# A Pair of Predator Calls



## BrentWin (Nov 20, 2014)

I haven't posted much lately, as I have been making mostly run of the mill calls. But, here's something a little different. This is a pair of predator calls made from my old favorite, hedge. The open reed has my new tone board and the closed reed is currently voice in cottontail, but can be switched to jack or coaxer. BTW, is anybody going to the waterfowl festival in Stuttgart, Thanksgiving weekend?

Reactions: Like 12


----------



## eaglea1 (Nov 20, 2014)

Nice as always Brent.
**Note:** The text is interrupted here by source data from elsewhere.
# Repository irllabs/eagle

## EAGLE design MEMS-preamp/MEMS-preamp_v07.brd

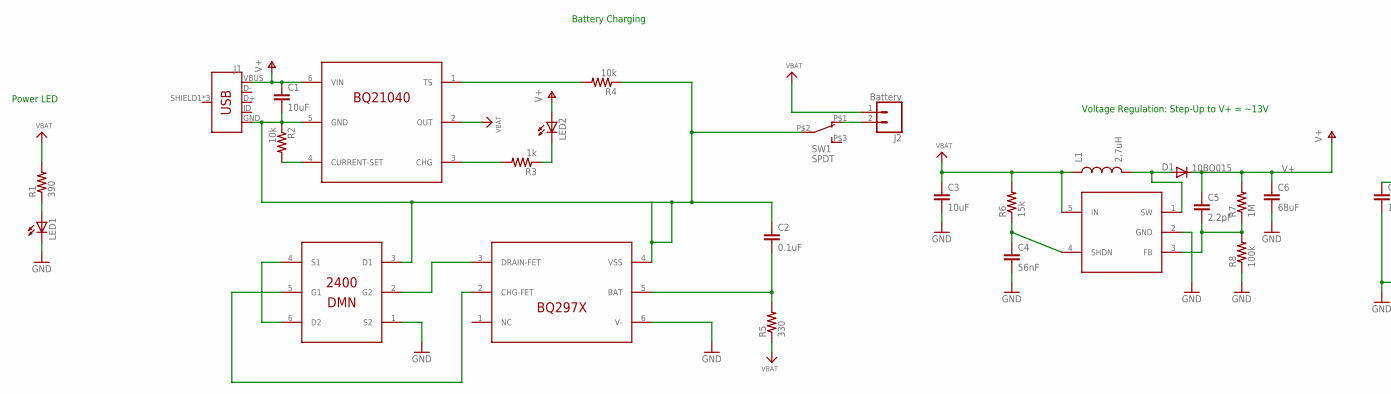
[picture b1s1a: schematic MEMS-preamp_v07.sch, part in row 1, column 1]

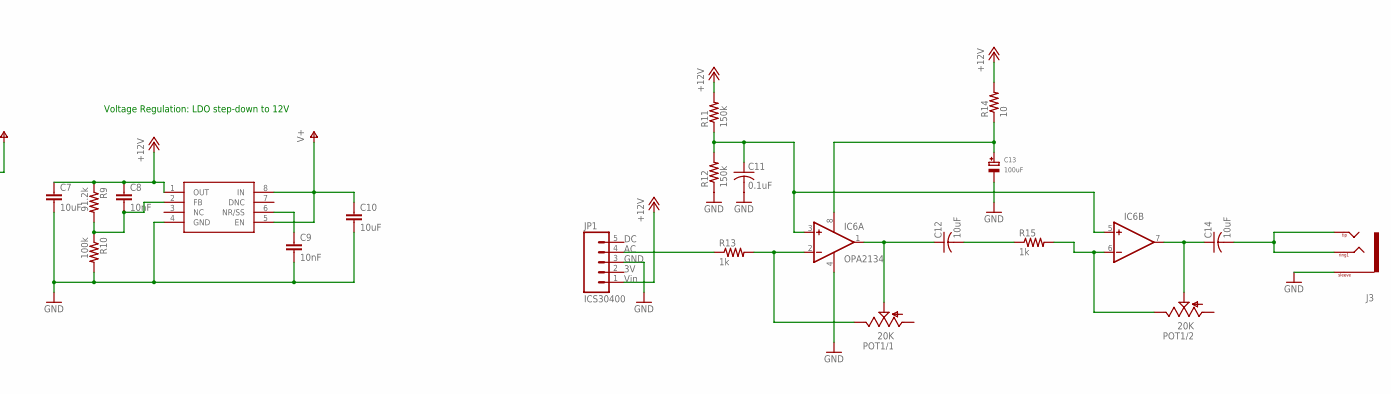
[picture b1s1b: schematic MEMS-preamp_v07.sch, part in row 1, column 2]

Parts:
C1, C3, C7, C10: 10uF; C0603
C2: 0.1uF; C0603
C4: 56nF; C0603
C5: 2.2pF; C0603
C6: 68uF; C1206
C8, C9: 10nF; C0603
C11: 0.1uF; C0805
C12, C14: 10uF; C0805
C13: 100uF; EIA3216-18/A-R
D1: 10BQ015; SMA-DIODE
IC1: DMN2400; SOT-563
IC2: BQ21040; SOT23-6
IC3: BQ297X; WSON-6
IC4: SC4503; SOT23-5
IC5: TPS7A49; MSOP-8
IC6: OPA2134; SO08
J1: USB_MICRO-BREDUCED_PASTE; USB-B-MICRO-SMD_RED_PASTE
J2: Battery; 1X02_LOCK
J3: TRS-1/8"-3.5MM; TRS_SJ-3524-SMT
JP1: ICS30400; 1X05_LOCK
L1: 2.7uH; CR54-KIT
LED1, LED2: LED3MM
POT1: 20K; PTV112
R1: 390; R0603
R2, R4: 10k; R0603
R3, R13, R15: 1k; R0603
R5: 330; R0603
R6: 15k; R0603
R7: 1M; R0603
R8, R10: 100k; R0603
R9: 91.2k; R0603
R11, R12: 150k; R0603
R14: 10; R0603
SW1: SPDT; SWITCH_SPDT_CL-SB-12B

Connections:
+12V: C7.1, C8.1, IC5.1 (OUT), JP1.1, R9.1, R11.2, R14.2
GND: C3.2, C4.2, C6.2, C7.2, C9.2, C10.2, C11.2, C13.-, IC1.1 (S2), IC3.6 (V-), IC5.4 (GND), IC6.4 (V-), J3.1 (SLEEVE), JP1.3, LED1.K (C), R8.1, R10.2, R12.1
GND2: C1.2, C2.1, IC1.3 (D1), IC2.5 (GND), IC3.4 (VSS), J1.GND, R2.1, R4.1, SW1.P$2 (2)
GROU[: IC6.6 (-IN), POT1.2.3 (E), R15.2
unnamed: C13.+, IC6.8 (V+), R14.1
unnamed: LED1.A, R1.1
unnamed: JP1.4, R13.1
unnamed: C12.2, R15.1
unnamed: IC6.2 (-IN), POT1.1.3 (E), R13.2
unnamed: J2.2, SW1.P$1 (1)
unnamed: C14.2, J3.2 (TIP), J3.3 (RING1), J3.4 (TIP)
unnamed: C11.1, IC6.3 (+IN), IC6.5 (+IN), R11.1, R12.2
unnamed: C12.1, IC6.1 (OUT), POT1.1.2 (S)
unnamed: C14.1, IC6.7 (OUT), POT1.2.2 (S)
unnamed: LED2.K (C), R3.1
unnamed: D1.A, IC4.1 (SW), L1.P$2 (2)
unnamed: C4.1, IC4.4 (SHDN), R6.1
unnamed: C5.2, IC4.3 (FB), R7.1, R8.2
unnamed: IC2.3 (CHG), R3.2
unnamed: IC2.1 (TS), R4.2
unnamed: IC2.4 (CURRENT-SET), R2.2
unnamed: C2.2, IC3.5 (BAT), R5.2
unnamed: IC1.4 (S1), IC1.6 (D2)
unnamed: IC1.5 (G1), IC3.2 (CHG-FET)
unnamed: IC1.2 (G2), IC3.3 (DRAIN-FET)
unnamed: C8.2, IC5.2 (FB), R9.2, R10.1
unnamed: C9.1, IC5.6 (NR/SS)
V+: C1.1, C5.1, C6.1, C10.1, D1.C, IC2.6 (VIN), IC5.5 (EN), IC5.8 (IN), J1.VBUS, LED2.A, R7.2
VBAT: C3.1, IC2.2 (OUT), IC4.5 (IN), J2.1, L1.P$1 (1), R1.2, R5.1, R6.2

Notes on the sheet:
Voltage Regulation: Step-Up to V+ = ~13V
Power LED
Voltage Regulation: LDO step-down to 12V
Battery Charging

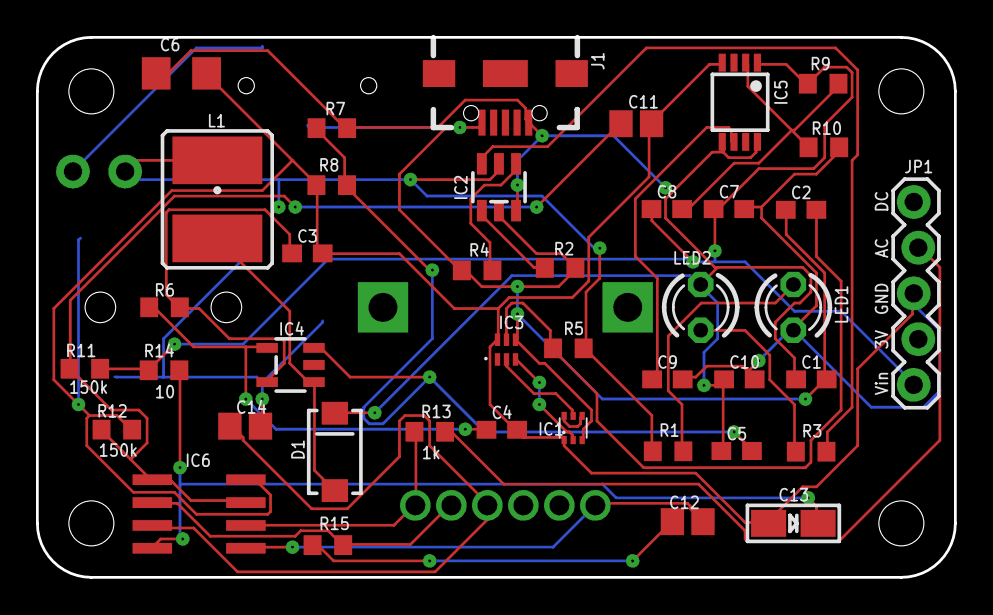
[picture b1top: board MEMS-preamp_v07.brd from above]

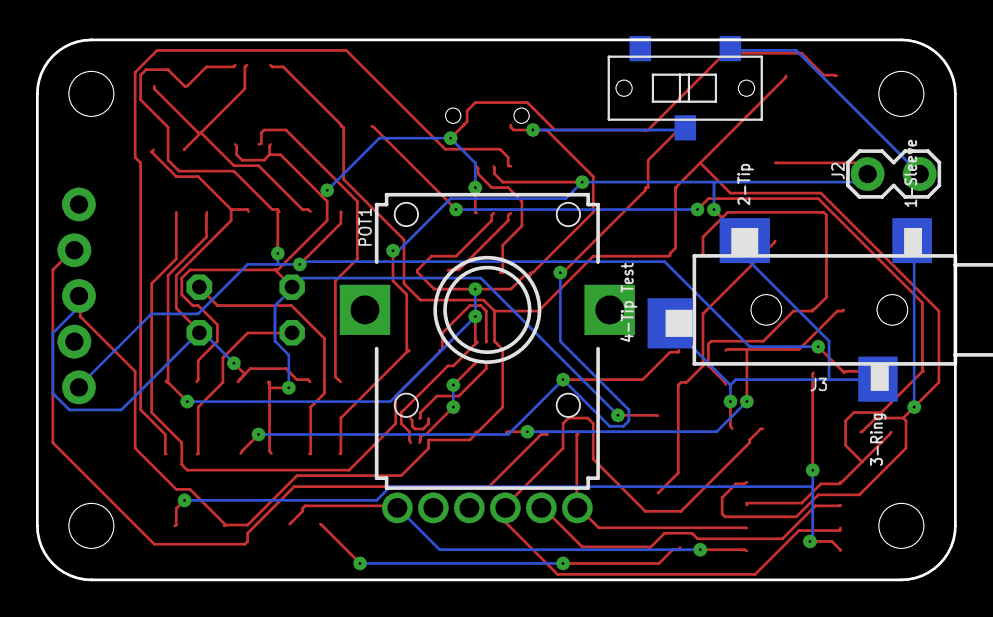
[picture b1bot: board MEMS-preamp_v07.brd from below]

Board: 2 copper layers, 51.0 x 30.0 mm, 45 parts (4 on the bottom side), 29 nets.

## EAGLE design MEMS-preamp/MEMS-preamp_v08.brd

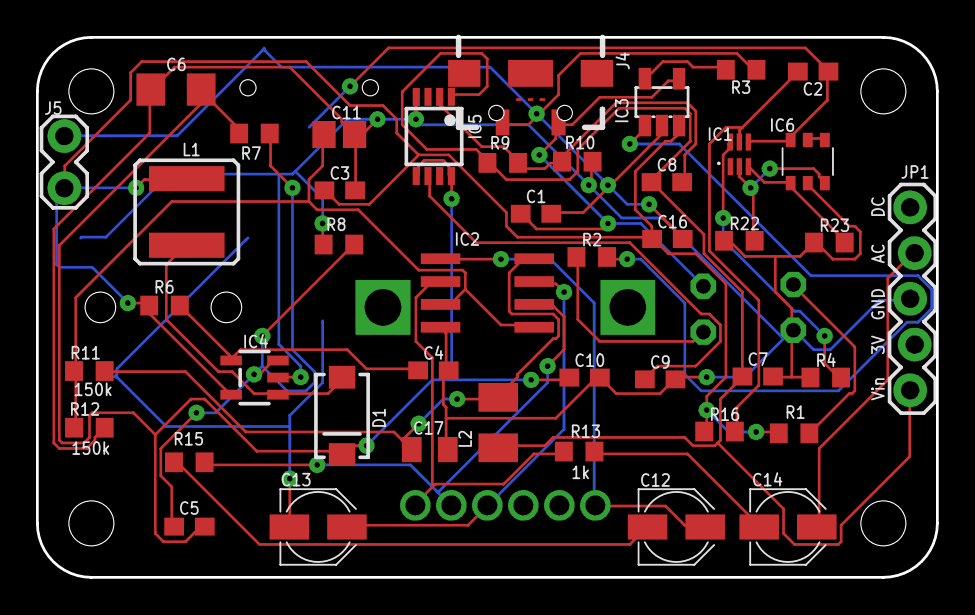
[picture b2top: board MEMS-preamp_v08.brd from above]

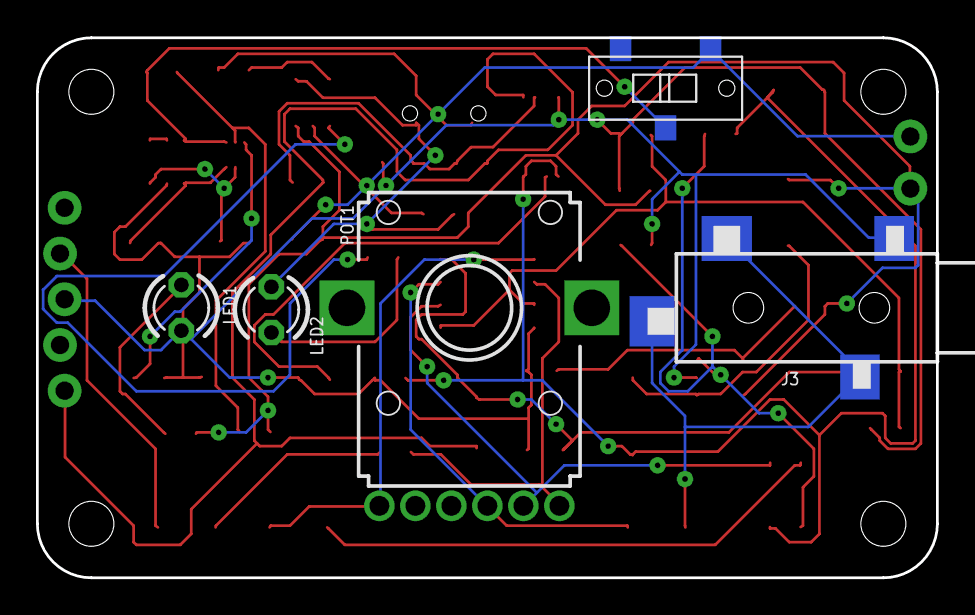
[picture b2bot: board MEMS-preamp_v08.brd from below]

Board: 2 copper layers, 50.0 x 30.0 mm, 49 parts (5 on the bottom side), 31 nets.

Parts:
C1, C16: 4.7uF; C0603
C2: 0.1uF; C0603
C3, C7, C10: 10uF; C0603
C4: 56nF; C0603
C5: 2.2pF; C0603
C6: 68uF; C1206
C8, C9: 10nF; C0603
C11: 0.1uF; C0805
C12, C13, C14: 10uF; PANASONIC_B
C17: 0.1uF; C0805K
D1: 10BQ015; SMA-DIODE
IC1: BQ297X; WSON-6-LONG
IC2: OPA2134UA; SO08
IC3: MCP73831; SOT-23-5
IC4: SC4503; SOT23-5
IC5: TPS7A49; MSOP-8
IC6: QS6K1; SOT457R_PHILIPS
J3: TRS-1/8"-3.5MM; TRS_SJ-3524-SMT
J4: USB-B-MICRO-SMD_RED_PASTE
J5: Battery; 1X02_LOCK
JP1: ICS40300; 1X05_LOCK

I wish that stuff grew around me.

Reactions: Thank You! 1


----------



## BrentWin (Nov 20, 2014)

Get ahold of DavidDobbs. He's the man for hedge.

Reactions: Thank You! 2


----------



## manbuckwal (Nov 20, 2014)

Nice looking call !

Reactions: Thank You! 1


----------



## ironman123 (Nov 20, 2014)

Good job.

Reactions: Thank You! 1


----------



## bearmanric (Nov 20, 2014)

Very nice looking calls. Toneboard should sound great out of osage. Rick

Reactions: Thank You! 1


----------



## SENC (Nov 20, 2014)

Great looking call!


----------



## michael dee (Nov 20, 2014)

Great looking call Brent ,you always seem to come up with great designs love the clean lines

Reactions: Thank You! 1


----------



## JR Custom Calls (Nov 20, 2014)

I saw them on FB and immediately recognized the one on the right... looks like a miniature Crows Fork duck call... they look great.


----------



## BrentWin (Nov 21, 2014)

JR Custom Calls said:


> I saw them on FB and immediately recognized the one on the right... looks like a miniature Crows Fork duck call... they look great.



Thanks Jonathan. I call that one lil' dude, because it does basically look like my duck call. I appreciate that you can pick out my calls, since I use a pretty tradition style that doesn't really jump out in a crowd.


----------